La modification du lieu de travail

CA PARIS, 08 janvier 2025, RG n° 21/09326 *

Par cet arrêt, la Cour d’appel de PARIS revient sur les règles applicables en matière de changement du lieu de travail d’un salarié en l’absence de clause de mobilité.

En la matière, la jurisprudence a établi un premier principe : « la mention du lieu de travail dans le contrat de travail a valeur d’information à moins qu’il soit stipulé par une clause claire et précise que le salarié exécutera son travail exclusivement dans ce lieu » (Cass. soc., 15 mars 2006, n° 02-46.496).

A défaut d’une telle clause, et en l’absence d’une clause de mobilité, l’employeur a la possibilité, au titre de son pouvoir de direction, de modifier le lieu de travail du salarié sans son accord.

Il s’agit dans ce cas d’une simple modification des conditions de travail.

En revanche, une limite a été posée par la jurisprudence avec la notion de secteur géographique.

Plus précisément, pour apprécier si un changement du lieu de travail constitue une modification du contrat de travail imposant l’accord du salarié, il convient de voir si le nouveau et l’ancien lieu de travail sont situés dans le même secteur géographique.

Cette notion est appréciée de manière objective selon plusieurs indices : la distance entre l’ancien et le nouveau lieu de travail, l’accessibilité de ce dernier ou encore le bassin d’emploi.

A titre d’illustration, ne sont pas situés dans le même secteur géographique et constitue donc une modification du contrat de travail lorsque (Cass. soc., 24 janvier 2024, n° 22-19.752) :

  • Les deux lieux de travail étaient situés à une distance de 35 km,
  • Ils ne faisaient pas partie du même bassin d’emploi fixé par l’INSEE,
  • Au vu des horaires de travail, il est manifeste que le covoiturage était difficile à mettre en place,
  • L’usage du véhicule personnel en matière de fatigue et de frais financiers générait, en raison des horaires et de la distance, des contraintes supplémentaires qui modifient les termes du contrat.

Telle était la problématique qui était soulevée dans l’arrêt commenté.

Au cas d’espèce, il était question d’un salarié qui a été engagé, le 05 janvier 2017, en qualité de responsable technique chez un promoteur immobilier.
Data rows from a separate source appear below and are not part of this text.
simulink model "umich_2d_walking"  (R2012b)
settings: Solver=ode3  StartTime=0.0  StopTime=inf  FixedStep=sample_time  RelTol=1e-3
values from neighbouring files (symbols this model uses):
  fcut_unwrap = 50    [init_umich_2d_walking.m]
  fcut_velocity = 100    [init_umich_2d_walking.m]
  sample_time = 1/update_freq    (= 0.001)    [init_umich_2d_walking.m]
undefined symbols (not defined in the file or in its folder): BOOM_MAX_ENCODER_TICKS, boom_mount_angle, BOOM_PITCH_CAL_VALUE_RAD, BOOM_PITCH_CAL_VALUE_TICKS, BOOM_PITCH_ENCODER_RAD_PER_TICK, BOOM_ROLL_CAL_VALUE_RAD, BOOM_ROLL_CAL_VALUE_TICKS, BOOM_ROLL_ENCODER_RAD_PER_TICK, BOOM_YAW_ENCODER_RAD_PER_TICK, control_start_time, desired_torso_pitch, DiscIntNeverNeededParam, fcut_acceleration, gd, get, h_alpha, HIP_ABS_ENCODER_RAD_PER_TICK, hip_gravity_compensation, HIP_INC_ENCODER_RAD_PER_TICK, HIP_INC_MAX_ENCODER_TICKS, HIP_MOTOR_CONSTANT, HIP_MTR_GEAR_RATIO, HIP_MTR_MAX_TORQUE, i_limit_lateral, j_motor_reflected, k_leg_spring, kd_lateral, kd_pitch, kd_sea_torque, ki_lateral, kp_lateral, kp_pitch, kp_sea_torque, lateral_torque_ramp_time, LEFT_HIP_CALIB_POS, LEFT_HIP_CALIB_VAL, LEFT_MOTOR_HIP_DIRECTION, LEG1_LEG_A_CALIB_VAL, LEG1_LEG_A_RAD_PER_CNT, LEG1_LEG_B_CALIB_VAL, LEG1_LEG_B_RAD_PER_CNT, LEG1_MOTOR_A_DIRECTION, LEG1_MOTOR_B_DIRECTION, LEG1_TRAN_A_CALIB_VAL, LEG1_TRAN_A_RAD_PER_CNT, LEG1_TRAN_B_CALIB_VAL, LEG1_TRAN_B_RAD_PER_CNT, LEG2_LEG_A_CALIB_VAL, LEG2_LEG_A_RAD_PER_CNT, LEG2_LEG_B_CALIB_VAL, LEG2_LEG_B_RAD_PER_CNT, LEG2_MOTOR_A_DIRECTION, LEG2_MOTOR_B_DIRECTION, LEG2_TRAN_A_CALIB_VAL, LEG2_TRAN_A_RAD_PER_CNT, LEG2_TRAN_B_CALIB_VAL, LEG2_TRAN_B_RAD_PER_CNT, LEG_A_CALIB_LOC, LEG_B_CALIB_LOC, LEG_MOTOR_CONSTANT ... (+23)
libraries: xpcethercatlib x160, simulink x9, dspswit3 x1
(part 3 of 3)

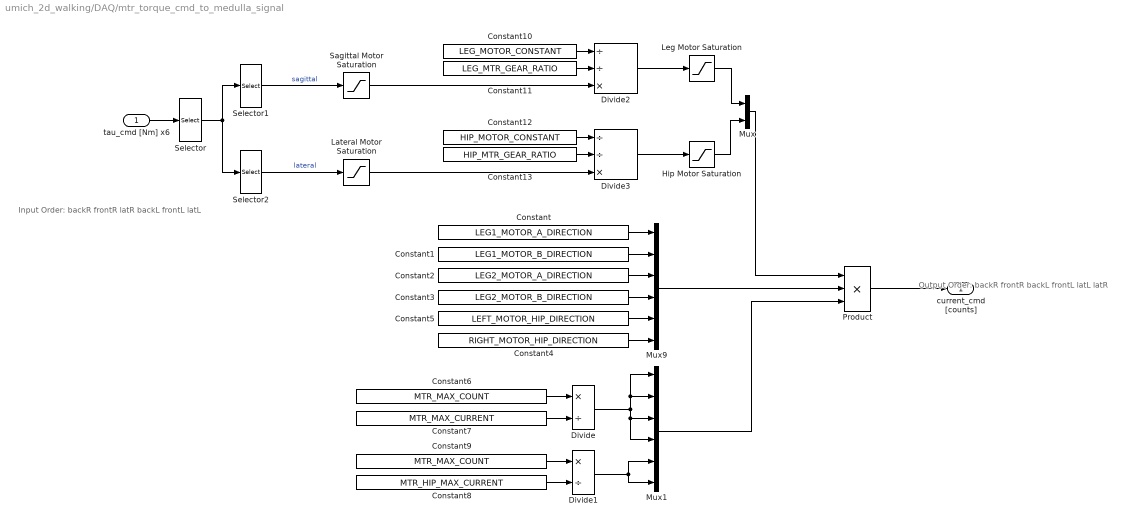
== system umich_2d_walking/DAQ/mtr_torque_cmd_to_medulla_signal ==
  note: Input Order:
      |
      | backR
      | frontR
      | latR
      | backL
      | frontL
      | latL
  note: Output Order:
      |
      | backR
      | frontR
      | backL
      | frontL
      | latL
      | latR
  tau_cmd [Nm] x6 : Inport
  " Lateral Motor Saturation" : Saturate  UpperLimit=HIP_MTR_MAX_TORQUE  LowerLimit=-HIP_MTR_MAX_TORQUE
      settings: AttributesFormatString=Top: %<UpperLimit>\nBottom: %<LowerLimit>
  " Sagittal Motor Saturation" : Saturate  UpperLimit=LEG_MTR_MAX_TORQUE  LowerLimit=-LEG_MTR_MAX_TORQUE
      settings: AttributesFormatString=Top: %<UpperLimit>\nBottom: %<LowerLimit>
  Constant : Constant  Value=LEG1_MOTOR_A_DIRECTION
  Constant1 : Constant  Value=LEG1_MOTOR_B_DIRECTION
  Constant10 : Constant  Value=LEG_MOTOR_CONSTANT
  Constant11 : Constant  Value=LEG_MTR_GEAR_RATIO
  Constant12 : Constant  Value=HIP_MOTOR_CONSTANT
  Constant13 : Constant  Value=HIP_MTR_GEAR_RATIO
  Constant2 : Constant  Value=LEG2_MOTOR_A_DIRECTION
  Constant3 : Constant  Value=LEG2_MOTOR_B_DIRECTION
  Constant4 : Constant  Value=RIGHT_MOTOR_HIP_DIRECTION
  Constant5 : Constant  Value=LEFT_MOTOR_HIP_DIRECTION
  Constant6 : Constant  Value=MTR_MAX_COUNT
  Constant7 : Constant  Value=MTR_MAX_CURRENT
  Constant8 : Constant  Value=MTR_HIP_MAX_CURRENT
  Constant9 : Constant  Value=MTR_MAX_COUNT
  Divide : Product  Inputs=*/
  Divide1 : Product  Inputs=*/
  Divide2 : Product  Inputs=//*
  Divide3 : Product  Inputs=//*
  Hip Motor Saturation : Saturate  UpperLimit=10  LowerLimit=-10
      settings: AttributesFormatString=Top: %<UpperLimit>\nBottom: %<LowerLimit>
  Leg Motor Saturation : Saturate  UpperLimit=30  LowerLimit=-30
      settings: AttributesFormatString=Top: %<UpperLimit>\nBottom: %<LowerLimit>
  Mux : Mux  Inputs=2
  Mux1 : Mux  Inputs=6
  Mux9 : Mux  Inputs=6
  Product : Product  Inputs=3  RndMeth=Zero
  Selector : Selector  InputPortWidth=6  IndexOptions=Index vector (dialog)  Indices=[1 2 4 5 6 3]  OutputSizes=1
  Selector1 : Selector  InputPortWidth=6  IndexOptions=Index vector (dialog)  Indices=[1 2 3 4]  OutputSizes=1
  Selector2 : Selector  InputPortWidth=6  IndexOptions=Index vector (dialog)  Indices=[5 6]  OutputSizes=1
  current_cmd [counts] : Outport
  wires:
  Selector/1 -> Selector2/1, Selector1/1
  tau_cmd [Nm] x6/1 -> Selector/1
  Mux1/1 -> Product/3
  Divide1/1 -> Mux1/5, Mux1/6
  Constant8/1 -> Divide1/2
  Constant9/1 -> Divide1/1
  Divide/1 -> Mux1/1, Mux1/2, Mux1/3, Mux1/4
  Constant7/1 -> Divide/2
  Constant6/1 -> Divide/1
  Product/1 -> current_cmd [counts]/1
  Constant4/1 -> Mux9/6
  Constant5/1 -> Mux9/5
  Constant3/1 -> Mux9/4
  Mux9/1 -> Product/2
  Constant2/1 -> Mux9/3
  Constant1/1 -> Mux9/2
  Constant/1 -> Mux9/1
  Selector1/1 -> " Sagittal Motor Saturation"/1  "sagittal"
  Selector2/1 -> " Lateral Motor Saturation"/1  "lateral"
  Constant11/1 -> Divide2/2
  Constant10/1 -> Divide2/1
  Constant13/1 -> Divide3/2
  Constant12/1 -> Divide3/1
  Divide3/1 -> Hip Motor Saturation/1
  Divide2/1 -> Leg Motor Saturation/1
  Mux/1 -> Product/1
  Leg Motor Saturation/1 -> Mux/1
  Hip Motor Saturation/1 -> Mux/2
  " Sagittal Motor Saturation"/1 -> Divide2/3
  " Lateral Motor Saturation"/1 -> Divide3/3

== system umich_2d_walking/DAQ/unwrap_encoders ==
  Encoder Readings : Inport
  Demux : Demux  Outputs=3
  Mux : Mux
  Selector : Selector  InputPortWidth=15  IndexOptions=Index vector (dialog)  Indices=[10 12 14]  OutputSizes=1
  Selector1 : Selector  InputPortWidth=18  IndexOptions=Index vector (dialog)  Indices=[1 2 3 4 5 6 7 8 9 16 11 17 13 18 15]  OutputSizes=1
  unwrap_boom_yaw_encoder : Subsystem
  unwrap_lateral_incremental_encoders Left : Subsystem
  unwrap_lateral_incremental_encoders Right : Subsystem
  Adjusted Encoder Readings : Outport
  wires:
  Mux/1 -> Selector1/1
  Selector1/1 -> Adjusted Encoder Readings/1
  unwrap_boom_yaw_encoder/1(continuous [ticks]) -> Mux/4
  unwrap_lateral_incremental_encoders Right/1(continuous [ticks]) -> Mux/3
  unwrap_lateral_incremental_encoders Left/1(continuous [ticks]) -> Mux/2
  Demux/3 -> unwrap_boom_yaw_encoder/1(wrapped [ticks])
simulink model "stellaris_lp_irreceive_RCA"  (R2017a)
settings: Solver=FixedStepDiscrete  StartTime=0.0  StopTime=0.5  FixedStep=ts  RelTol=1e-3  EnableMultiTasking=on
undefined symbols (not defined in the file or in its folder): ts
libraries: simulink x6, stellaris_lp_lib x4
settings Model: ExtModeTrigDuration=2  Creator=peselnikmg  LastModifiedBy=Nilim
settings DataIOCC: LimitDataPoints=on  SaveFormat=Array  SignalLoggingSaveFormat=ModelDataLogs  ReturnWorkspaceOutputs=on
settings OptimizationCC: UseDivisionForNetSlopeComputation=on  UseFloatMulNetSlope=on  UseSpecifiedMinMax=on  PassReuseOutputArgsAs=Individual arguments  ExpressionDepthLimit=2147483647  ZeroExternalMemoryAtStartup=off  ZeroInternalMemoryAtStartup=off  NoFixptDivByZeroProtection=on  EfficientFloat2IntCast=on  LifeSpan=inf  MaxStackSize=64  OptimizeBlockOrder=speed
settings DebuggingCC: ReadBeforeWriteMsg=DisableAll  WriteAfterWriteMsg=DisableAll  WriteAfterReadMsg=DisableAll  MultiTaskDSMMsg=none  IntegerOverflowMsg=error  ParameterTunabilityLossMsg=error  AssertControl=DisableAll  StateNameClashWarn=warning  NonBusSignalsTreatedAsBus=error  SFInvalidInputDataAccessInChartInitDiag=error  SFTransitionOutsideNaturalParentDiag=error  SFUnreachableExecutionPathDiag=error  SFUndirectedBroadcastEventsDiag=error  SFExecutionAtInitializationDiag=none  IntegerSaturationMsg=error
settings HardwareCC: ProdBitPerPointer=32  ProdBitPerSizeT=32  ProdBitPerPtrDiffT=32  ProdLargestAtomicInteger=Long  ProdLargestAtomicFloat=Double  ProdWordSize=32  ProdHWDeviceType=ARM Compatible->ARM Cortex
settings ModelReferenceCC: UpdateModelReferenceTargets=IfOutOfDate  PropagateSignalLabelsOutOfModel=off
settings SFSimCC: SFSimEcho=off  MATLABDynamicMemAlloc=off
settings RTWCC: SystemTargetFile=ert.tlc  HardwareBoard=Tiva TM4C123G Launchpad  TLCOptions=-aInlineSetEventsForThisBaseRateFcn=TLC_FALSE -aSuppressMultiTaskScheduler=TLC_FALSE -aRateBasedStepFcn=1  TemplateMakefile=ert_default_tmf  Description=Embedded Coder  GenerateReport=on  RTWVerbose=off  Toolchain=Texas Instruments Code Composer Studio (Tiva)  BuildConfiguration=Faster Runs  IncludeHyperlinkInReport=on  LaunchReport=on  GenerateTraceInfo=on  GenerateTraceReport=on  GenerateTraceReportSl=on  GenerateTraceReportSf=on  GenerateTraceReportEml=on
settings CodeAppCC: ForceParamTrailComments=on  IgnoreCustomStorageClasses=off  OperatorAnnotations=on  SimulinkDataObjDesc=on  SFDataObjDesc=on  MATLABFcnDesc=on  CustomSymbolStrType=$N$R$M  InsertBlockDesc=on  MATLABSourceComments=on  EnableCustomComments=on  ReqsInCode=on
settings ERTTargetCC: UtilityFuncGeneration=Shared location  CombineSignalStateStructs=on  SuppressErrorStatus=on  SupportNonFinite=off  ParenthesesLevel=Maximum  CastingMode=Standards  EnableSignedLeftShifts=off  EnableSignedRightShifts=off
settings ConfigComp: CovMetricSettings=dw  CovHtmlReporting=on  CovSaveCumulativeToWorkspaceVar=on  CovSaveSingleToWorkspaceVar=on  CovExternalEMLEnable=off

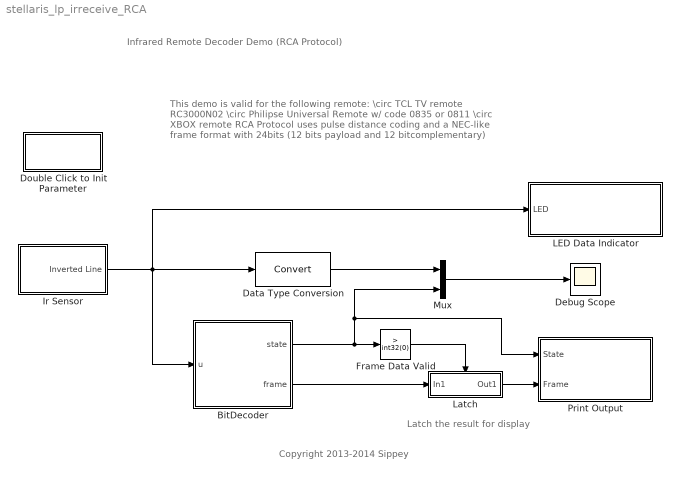
== system stellaris_lp_irreceive_RCA ==
  note: Latch the result for display
  note: This demo is valid for the following remote:
      | \circ  TCL TV remote RC3000N02
      | \circ  Philipse Universal Remote w/ code 0835 or 0811
      | \circ  XBOX remote
      |
      | RCA Protocol uses pulse distance coding and a NEC-like frame
      |  format with 24bits (12 bits payload and 12 bitcomplementary)
  note: Infrared Remote Decoder Demo (RCA Protocol)
  note: Copyright 2013-2014 Sippey
  BitDecoder : Stateflow chart  TreatAsAtomicUnit=on
  Data Type Conversion : DataTypeConversion  SampleTime=ts
  Debug Scope : Scope
  Double Click to Init Parameter : Subsystem
      settings: OpenFcn=ts=0.0001;
      mask Display: fprintf('Double-click');
  Frame Data Valid : simulink/Logic and Bit Operations/Compare To Constant  relop=>  const=int32(0)  OutDataTypeStr=boolean
  Ir Sensor : Subsystem
  LED Data Indicator : Subsystem
  Latch : Subsystem  TreatAsAtomicUnit=on
  Mux : Mux  Inputs=2
  Print Output : Subsystem
  wires:
  Mux/1 -> Debug Scope/1
  Ir Sensor/1(Inverted Line) -> BitDecoder/1(u), Data Type Conversion/1, LED Data Indicator/1(LED)
  BitDecoder/2(frame) -> Latch/1(In1)
  Latch/1(Out1) -> Print Output/2(Frame)
  Frame Data Valid/1 -> Latch/Trigger
  Data Type Conversion/1 -> Mux/1
  BitDecoder/1(state) -> Print Output/1(State), Mux/2, Frame Data Valid/1

== system stellaris_lp_irreceive_RCA/Double Click to Init Parameter ==

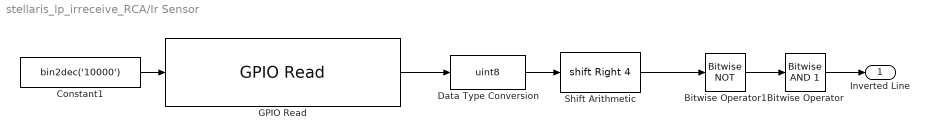
== system stellaris_lp_irreceive_RCA/Ir Sensor ==
  Bitwise Operator : simulink/Logic and Bit Operations/Bitwise Operator  logicop=AND  UseBitMask=on  BitMask=1  BitMaskRealWorld=Stored Integer
  Bitwise Operator1 : simulink/Logic and Bit Operations/Bitwise Operator  logicop=NOT  UseBitMask=off  BitMask=1  BitMaskRealWorld=Stored Integer
  Constant1 : Constant  Value=bin2dec('10000')  OutDataTypeStr=Inherit: Inherit via back propagation
  Data Type Conversion : DataTypeConversion  OutDataTypeStr=uint8  SampleTime=ts
  GPIO Read : stellaris_lp_lib/GPIO/GPIO Read  GPIO_PORTX_BASE=GPIO_PORTF_BASE  SampleTime=-1
      settings: SourceProductName=Run on Stellaris LaunchPad
  Shift Arithmetic : ArithShift  BitShiftNumber=4  BitShiftDirection=Right
  Inverted Line : Outport
  wires:
  Constant1/1 -> GPIO Read/1
  Shift Arithmetic/1 -> Bitwise Operator1/1
  GPIO Read/1 -> Data Type Conversion/1
  Bitwise Operator1/1 -> Bitwise Operator/1
  Bitwise Operator/1 -> Inverted Line/1
  Data Type Conversion/1 -> Shift Arithmetic/1

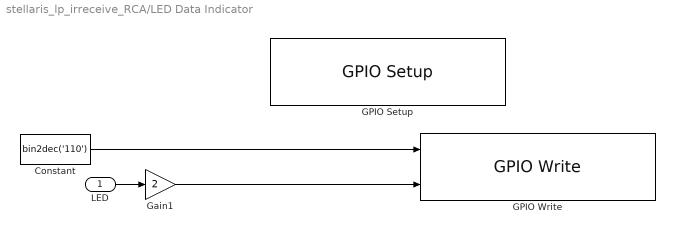
== system stellaris_lp_irreceive_RCA/LED Data Indicator ==
  LED : Inport
  Constant : Constant  Value=bin2dec('110')  OutDataTypeStr=Inherit: Inherit via back propagation
  GPIO Setup : stellaris_lp_lib/GPIO/GPIO Setup  GPIO_PORTX_BASE=GPIO_PORTF_BASE  PinsOutput_0=Input  PinsOutput_1=Output  PinsOutput_2=Output  PinsOutput_3=Output  PinsOutput_4=Input  PinsOutput_5=Input  PinsOutput_6=Input  PinsOutput_7=Input
      settings: SourceProductName=Run on Stellaris LaunchPad
  GPIO Write : stellaris_lp_lib/GPIO/GPIO Write  GPIO_PORTX_BASE=GPIO_PORTF_BASE  SampleTime=-1
      settings: SourceProductName=Run on Stellaris LaunchPad
  Gain1 : Gain  Gain=2  OutDataTypeStr=Inherit: Inherit via back propagation
  wires:
  Constant/1 -> GPIO Write/1
  Gain1/1 -> GPIO Write/2
  LED/1 -> Gain1/1

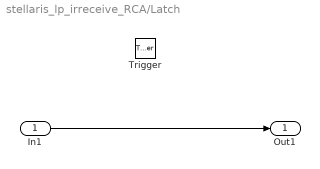
== system stellaris_lp_irreceive_RCA/Latch ==
  In1 : Inport
  Trigger : TriggerPort  VariantControl=Variant
  Out1 : Outport
  wires:
  In1/1 -> Out1/1

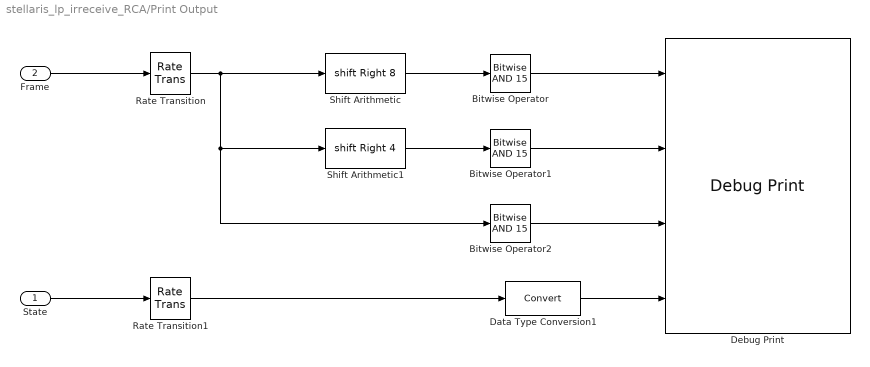
== system stellaris_lp_irreceive_RCA/Print Output ==
  State : Inport
  Frame : Inport  Port=2
  Bitwise Operator : simulink/Logic and Bit Operations/Bitwise Operator  logicop=AND  UseBitMask=on  BitMask=15  BitMaskRealWorld=Stored Integer
  Bitwise Operator1 : simulink/Logic and Bit Operations/Bitwise Operator  logicop=AND  UseBitMask=on  BitMask=15  BitMaskRealWorld=Stored Integer
  Bitwise Operator2 : simulink/Logic and Bit Operations/Bitwise Operator  logicop=AND  UseBitMask=on  BitMask=15  BitMaskRealWorld=Stored Integer
  Data Type Conversion1 : DataTypeConversion
  Debug Print : stellaris_lp_lib/Debug/Debug Print  fmt='All1: 0x%x, addr: %d, key %d, state %d'  sample_time=0.2
      settings: SourceProductName=Run on Stellaris LaunchPad
  Rate Transition : RateTransition
  Rate Transition1 : RateTransition
  Shift Arithmetic : ArithShift  BitShiftNumber=8  BitShiftDirection=Right
  Shift Arithmetic1 : ArithShift  BitShiftNumber=4  BitShiftDirection=Right
  wires:
  Shift Arithmetic/1 -> Bitwise Operator/1
  Bitwise Operator/1 -> Debug Print/1
  Shift Arithmetic1/1 -> Bitwise Operator1/1
  Rate Transition/1 -> Bitwise Operator2/1, Shift Arithmetic1/1, Shift Arithmetic/1
  Bitwise Operator1/1 -> Debug Print/2
  Bitwise Operator2/1 -> Debug Print/3
  Rate Transition1/1 -> Data Type Conversion1/1
  Frame/1 -> Rate Transition/1
  Data Type Conversion1/1 -> Debug Print/4
  State/1 -> Rate Transition1/1

== stateflow chart stellaris_lp_irreceive_RCA/BitDecoder ==
  note: Long bit ~ 2ms
      | Short bit ~1ms
      | Threshold set to 1.5ms
  note: bit timeout
  note: 4ms start pulse
      | set 3.5ms as threshold
  note: invalid start bit
  state StartSym
    state = -2;
  state BitWait
    state= -3;
  state Idle
    state = -1;
    frame=0;
  state BitDecoded
    state=-4;
  state OutStage
    state=1;
  note: output trigger
      | valid for one tick
  note: space between start bit and first data
      | pulse is 4ms and will be decoded
      | as a '1' bit, so one more bit to decode.
  BitWait -> Idle [order 4] : after(10e-3,sec)
  (default) -> Idle
  StartSym -> BitWait [order 1] : after(3.5e-3,sec)
      | [u==0]
      | {nb=0;frame=0;}
  StartSym -> Idle [order 2] : before(3.5e-3,sec)[u==0]
  BitWait -> BitDecoded [order 2] : after(1.5e-3,sec)[u==1]{frame=2*frame+1;}
  BitWait -> BitDecoded [order 3] : before(1.5e-3,sec)[u==1]{frame=2*frame;}
  Idle -> StartSym : [u==1]
  BitDecoded -> BitWait : [u==0]{nb=nb+1;}
  OutStage -> Idle
  BitWait -> OutStage [order 1] : [nb>=13]
  data: u input; state output int32 =0; nb local int32; frame output int32

En octobre 2019, son employeur a été racheté entraînant une modification de son lieu de travail.

Refusant cette modification, il a signé une rupture conventionnelle. Ultérieurement, il a saisi les juridictions prud’homales.

Le salarié soutient qu’une modification unilatérale de son contrat de travail est survenue antérieurement à la rupture conventionnelle, ce qui a participé aux pressions exercées à son encontre pour le déterminer à signer celle-ci.

Sur ce point, après avoir rappelé les règles précitées, la Cour d’appel de PARIS relève que le contrat de travail comportait une clause, intitulée  » Lieu de travail  » stipulant que le salarié exercera ses fonctions au siège social de la société.

Or, pour la Cour, ce renvoi, sans autre précision, au lieu du siège social de l’entreprise, lequel est susceptible d’évoluer au cours de la relation contractuelle, ne permet pas de considérer que les parties auraient attaché une particulière importance au lieu de travail et que celui-ci constituerait ainsi un élément du contrat ne pouvant être modifié sans l’accord du salarié.

En outre, si le contrat comporte une clause de mobilité fonctionnelle mais ne comporte aucune clause de mobilité géographique, cette circonstance ne permet pas d’en déduire que le lieu de travail aurait été contractualisé.

De plus, après le rachat, le salarié a continué à exercer ses fonctions au siège social de son employeur dans des locaux situés à une quinzaine de kilomètres de l’ancien siège.

Dès lors, la Cour d’appel juge que la circonstance que le lieu de travail a été modifié du fait de ce transfert ne peut s’analyser comme une modification unilatérale du contrat de travail par le nouvel employeur, peu important que cette modification ait entraîné pour le salarié une augmentation de son temps de trajet.

Elle déboute donc le salarié de ses demandes.

La décision vient donc mettre en lumière le régime juridique applicable à un changement du lieu de travail.

Tout est affaire de circonstance et chaque situation doit amener à une analyse personnalisée afin de savoir si on est en présence ou non d’une simple modification des conditions de travail ou d’une véritable modification du contrat de travail.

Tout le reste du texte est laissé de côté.